The second serves the displaying of a map indicating the current room in Unity. With a similar interface, the absolute position of the center of each room is extracted by clicking on it.
Performance evaluation
Not all valid rooms appears on the map. Some are known to belong to the Louvre. For example, two out of four sides of the Cour Carrée are missing on the map. On the other hand, some rooms name are probably OCR or merging artefacts. On the 108 “valid” rooms proposed, only 75 have been identified. Furthermore, the catalogue contains inconsistencies. Some rooms that are seemingly the same are given two different names, like III and Salle des Sept Cheminées or Salle des Meubles XVIIIe and Salle du Mobilier XVIIIe. All this considered, there is a non-negligible risk that wrong choices were made and that the rooms does not exactly correspond to the historical truth.
A conceptual limitation is that each room is defined individually with its set of doors. Therefore, there is only a connection between a door and its corresponding room, and not between the two faces of a same door in two different rooms.
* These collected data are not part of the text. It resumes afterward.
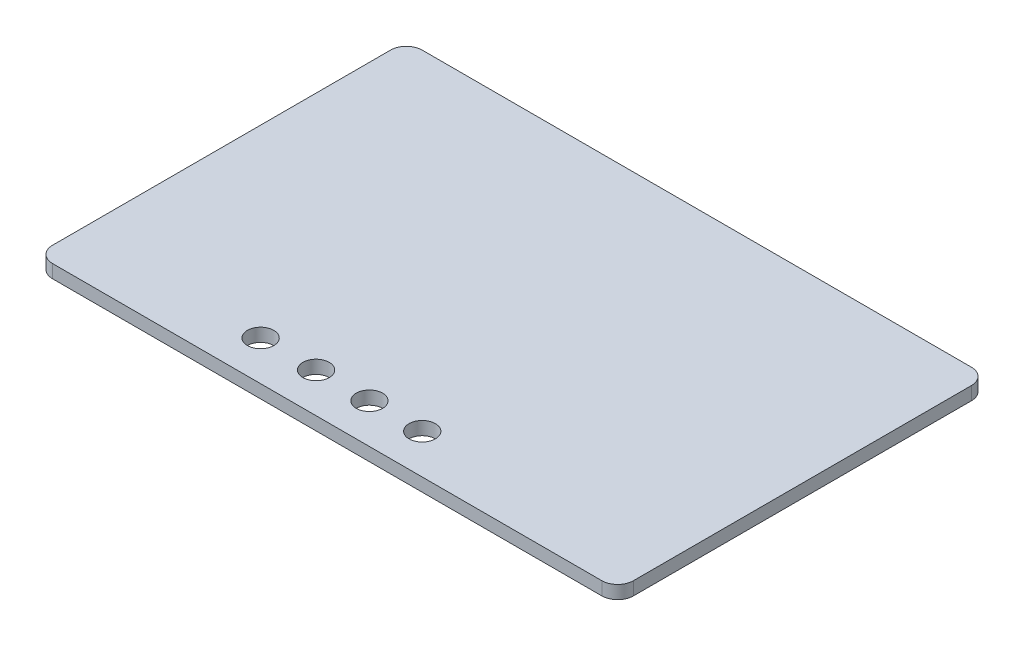
ISO-10303-21;
HEADER;
FILE_DESCRIPTION(('STEP AP214'),'2;1');
FILE_NAME('part.step','',(''),(''),'','','');
FILE_SCHEMA(('AUTOMOTIVE_DESIGN { 1 0 10303 214 1 1 1 1 }'));
ENDSEC;
DATA;
#1=APPLICATION_CONTEXT('core data for automotive mechanical design processes');
#2=APPLICATION_PROTOCOL_DEFINITION('international standard','automotive_design',2000,#1);
#3=PRODUCT_CONTEXT('',#1,'mechanical');
#4=PRODUCT('Part','Part','',(#3));
#5=PRODUCT_RELATED_PRODUCT_CATEGORY('part','',(#4));
#6=PRODUCT_DEFINITION_FORMATION('','',#4);
#7=PRODUCT_DEFINITION_CONTEXT('part definition',#1,'design');
#8=PRODUCT_DEFINITION('design','',#6,#7);
#9=PRODUCT_DEFINITION_SHAPE('','',#8);
#10=(LENGTH_UNIT() NAMED_UNIT(*) SI_UNIT(.MILLI.,.METRE.));
#11=(NAMED_UNIT(*) PLANE_ANGLE_UNIT() SI_UNIT($,.RADIAN.));
#12=(NAMED_UNIT(*) SI_UNIT($,.STERADIAN.) SOLID_ANGLE_UNIT());
#13=UNCERTAINTY_MEASURE_WITH_UNIT(LENGTH_MEASURE(1.E-05),#10,'distance_accuracy_value','');
#14=(GEOMETRIC_REPRESENTATION_CONTEXT(3) GLOBAL_UNCERTAINTY_ASSIGNED_CONTEXT((#13)) GLOBAL_UNIT_ASSIGNED_CONTEXT((#10,
#11,#12)) REPRESENTATION_CONTEXT('',''));
#15=CARTESIAN_POINT('',(0.,0.,0.));
#16=DIRECTION('',(0.,0.,1.));
#17=DIRECTION('',(1.,0.,0.));
#18=AXIS2_PLACEMENT_3D('',#15,#16,#17);
#19=CARTESIAN_POINT('',(-52.,-2.5,32.));
#20=DIRECTION('',(0.,1.,0.));
#21=DIRECTION('',(0.,0.,1.));
#22=AXIS2_PLACEMENT_3D('',#19,#20,#21);
#23=CYLINDRICAL_SURFACE('',#22,3.);
#24=CARTESIAN_POINT('',(-52.,-2.5,32.));
#25=DIRECTION('',(0.,-1.,0.));
#26=DIRECTION('',(0.,0.,-1.));
#27=AXIS2_PLACEMENT_3D('',#24,#25,#26);
#28=CIRCLE('',#27,3.);
#29=CARTESIAN_POINT('',(-55.,-2.5,32.));
#30=VERTEX_POINT('',#29);
#31=CARTESIAN_POINT('',(-52.,-2.5,35.));
#32=VERTEX_POINT('',#31);
#33=EDGE_CURVE('E265',#30,#32,#28,.F.);
#34=ORIENTED_EDGE('',*,*,#33,.T.);
#35=DIRECTION('',(0.,1.,0.));
#36=VECTOR('',#35,1.);
#37=CARTESIAN_POINT('',(-52.,-2.5,35.));
#38=LINE('',#37,#36);
#39=CARTESIAN_POINT('',(-52.,0.,35.));
#40=VERTEX_POINT('',#39);
#41=EDGE_CURVE('E225',#32,#40,#38,.T.);
#42=ORIENTED_EDGE('',*,*,#41,.T.);
#43=CARTESIAN_POINT('',(-52.,0.,32.));
#44=DIRECTION('',(0.,-1.,0.));
#45=DIRECTION('',(0.,0.,-1.));
#46=AXIS2_PLACEMENT_3D('',#43,#44,#45);
#47=CIRCLE('',#46,3.);
#48=CARTESIAN_POINT('',(-55.,0.,32.));
#49=VERTEX_POINT('',#48);
#50=EDGE_CURVE('E283',#40,#49,#47,.T.);
#51=ORIENTED_EDGE('',*,*,#50,.T.);
#52=DIRECTION('',(0.,1.,0.));
#53=VECTOR('',#52,1.);
#54=CARTESIAN_POINT('',(-55.,-2.5,32.));
#55=LINE('',#54,#53);
#56=EDGE_CURVE('E12',#30,#49,#55,.T.);
#57=ORIENTED_EDGE('',*,*,#56,.F.);
#58=EDGE_LOOP('',(#34,#42,#51,#57));
#59=FACE_BOUND('',#58,.T.);
#60=ADVANCED_FACE('F203',(#59),#23,.T.);
#61=CARTESIAN_POINT('',(-55.,-2.5,32.));
#62=DIRECTION('',(1.,0.,0.));
#63=DIRECTION('',(0.,0.,-1.));
#64=AXIS2_PLACEMENT_3D('',#61,#62,#63);
#65=PLANE('',#64);
#66=DIRECTION('',(0.,0.,1.));
#67=VECTOR('',#66,1.);
#68=CARTESIAN_POINT('',(-55.,-2.5,32.));
#69=LINE('',#68,#67);
#70=CARTESIAN_POINT('',(-55.,-2.5,-32.));
#71=VERTEX_POINT('',#70);
#72=EDGE_CURVE('E269',#71,#30,#69,.T.);
#73=ORIENTED_EDGE('',*,*,#72,.T.);
#74=ORIENTED_EDGE('',*,*,#56,.T.);
#75=DIRECTION('',(0.,0.,-1.));
#76=VECTOR('',#75,1.);
#77=CARTESIAN_POINT('',(-55.,0.,32.));
#78=LINE('',#77,#76);
#79=CARTESIAN_POINT('',(-55.,0.,-32.));
#80=VERTEX_POINT('',#79);
#81=EDGE_CURVE('E287',#49,#80,#78,.T.);
#82=ORIENTED_EDGE('',*,*,#81,.T.);
#83=DIRECTION('',(0.,1.,0.));
#84=VECTOR('',#83,1.);
#85=CARTESIAN_POINT('',(-55.,-2.5,-32.));
#86=LINE('',#85,#84);
#87=EDGE_CURVE('E210',#71,#80,#86,.T.);
#88=ORIENTED_EDGE('',*,*,#87,.F.);
#89=EDGE_LOOP('',(#73,#74,#82,#88));
#90=FACE_BOUND('',#89,.T.);
#91=ADVANCED_FACE('F277',(#90),#65,.F.);
#92=CARTESIAN_POINT('',(-52.,-2.5,-32.));
#93=DIRECTION('',(0.,1.,0.));
#94=DIRECTION('',(0.,0.,1.));
#95=AXIS2_PLACEMENT_3D('',#92,#93,#94);
#96=CYLINDRICAL_SURFACE('',#95,3.);
#97=CARTESIAN_POINT('',(-52.,-2.5,-32.));
#98=DIRECTION('',(0.,-1.,0.));
#99=DIRECTION('',(0.,0.,-1.));
#100=AXIS2_PLACEMENT_3D('',#97,#98,#99);
#101=CIRCLE('',#100,3.);
#102=CARTESIAN_POINT('',(-52.,-2.5,-35.));
#103=VERTEX_POINT('',#102);
#104=EDGE_CURVE('E280',#103,#71,#101,.F.);
#105=ORIENTED_EDGE('',*,*,#104,.T.);
#106=ORIENTED_EDGE('',*,*,#87,.T.);
#107=CARTESIAN_POINT('',(-52.,0.,-32.));
#108=DIRECTION('',(0.,-1.,0.));
#109=DIRECTION('',(0.,0.,-1.));
#110=AXIS2_PLACEMENT_3D('',#107,#108,#109);
#111=CIRCLE('',#110,3.);
#112=CARTESIAN_POINT('',(-52.,0.,-35.));
#113=VERTEX_POINT('',#112);
#114=EDGE_CURVE('E290',#80,#113,#111,.T.);
#115=ORIENTED_EDGE('',*,*,#114,.T.);
#116=DIRECTION('',(0.,1.,0.));
#117=VECTOR('',#116,1.);
#118=CARTESIAN_POINT('',(-52.,-2.5,-35.));
#119=LINE('',#118,#117);
#120=EDGE_CURVE('E323',#103,#113,#119,.T.);
#121=ORIENTED_EDGE('',*,*,#120,.F.);
#122=EDGE_LOOP('',(#105,#106,#115,#121));
#123=FACE_BOUND('',#122,.T.);
#124=ADVANCED_FACE('F325',(#123),#96,.T.);
#125=CARTESIAN_POINT('',(-52.,-2.5,-35.));
#126=DIRECTION('',(0.,0.,1.));
#127=DIRECTION('',(1.,0.,0.));
#128=AXIS2_PLACEMENT_3D('',#125,#126,#127);
#129=PLANE('',#128);
#130=DIRECTION('',(-1.,0.,0.));
#131=VECTOR('',#130,1.);
#132=CARTESIAN_POINT('',(-52.,-2.5,-35.));
#133=LINE('',#132,#131);
#134=CARTESIAN_POINT('',(52.,-2.5,-35.));
#135=VERTEX_POINT('',#134);
#136=EDGE_CURVE('E335',#135,#103,#133,.T.);
#137=ORIENTED_EDGE('',*,*,#136,.T.);
#138=ORIENTED_EDGE('',*,*,#120,.T.);
#139=DIRECTION('',(1.,0.,0.));
#140=VECTOR('',#139,1.);
#141=CARTESIAN_POINT('',(-52.,0.,-35.));
#142=LINE('',#141,#140);
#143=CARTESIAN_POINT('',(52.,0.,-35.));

Construction of the virtual Louvre
/TODO
Step X
Performance evaluation
Description of final interface
/TODO >100 words
Milestone
Schedule
Progress | Artwork retrieval | Map processing | Virtualisation |
---|---|---|---|
Done | Parsing of the catalogue | Creation of a GUI | Generation of a room |
Connection with wikidata | |||
To be done | |||
Connection with other databases | Use of the GUI | Painting and doors generation | |
Retrieval of the catalogue pictures | Consistency of room names | User interface and camera | |
Link everything together |
Tasks
Catalogue parsing
Around 2200 out of 2700 artworks have been parsed. Improvement is limited due to OCR.
Online database scraping
Scraping wikidata allowed us to get around 300 pictures of paintings (out of 2200). As no online database seems to be exhaustive enough, we need to multiply the sources to get as much pictures of paintings as possible and deal with inconsistencies across the different databases. We plan to introduce an index of confidence for the picture, and to use the picture of painting of the catalogue itself.
Map processing
A small GUI has been created using tkinter to allow us to perform room identification in a systematic way. We need to perform the manual extraction and labelling of the rooms. The consistency of the room names with the catalogue's one need to be ensured.
Room generation in unity
Instead of generating the whole Louvre in one go, we take advantage of the video game oriented features of Unity3D to create each room on their own and travel between them through "gates". We are taking as input a list with walls and generate it in unity. We choose to define each wall as an object with two points and an orientation (north, west etc). we still need to add the generation of the doors.
Painting generator
We have to create the paintings at the right size displaying the author and the description. And then attach it to the right wall.
User environment
Creation the player and the possibility to interact with the environment must be done.
Linking everything together
The whole pipeling is almost complete. We need to map the pythonic room and artworks representation to a Unity3D one and agree on a data storage structure.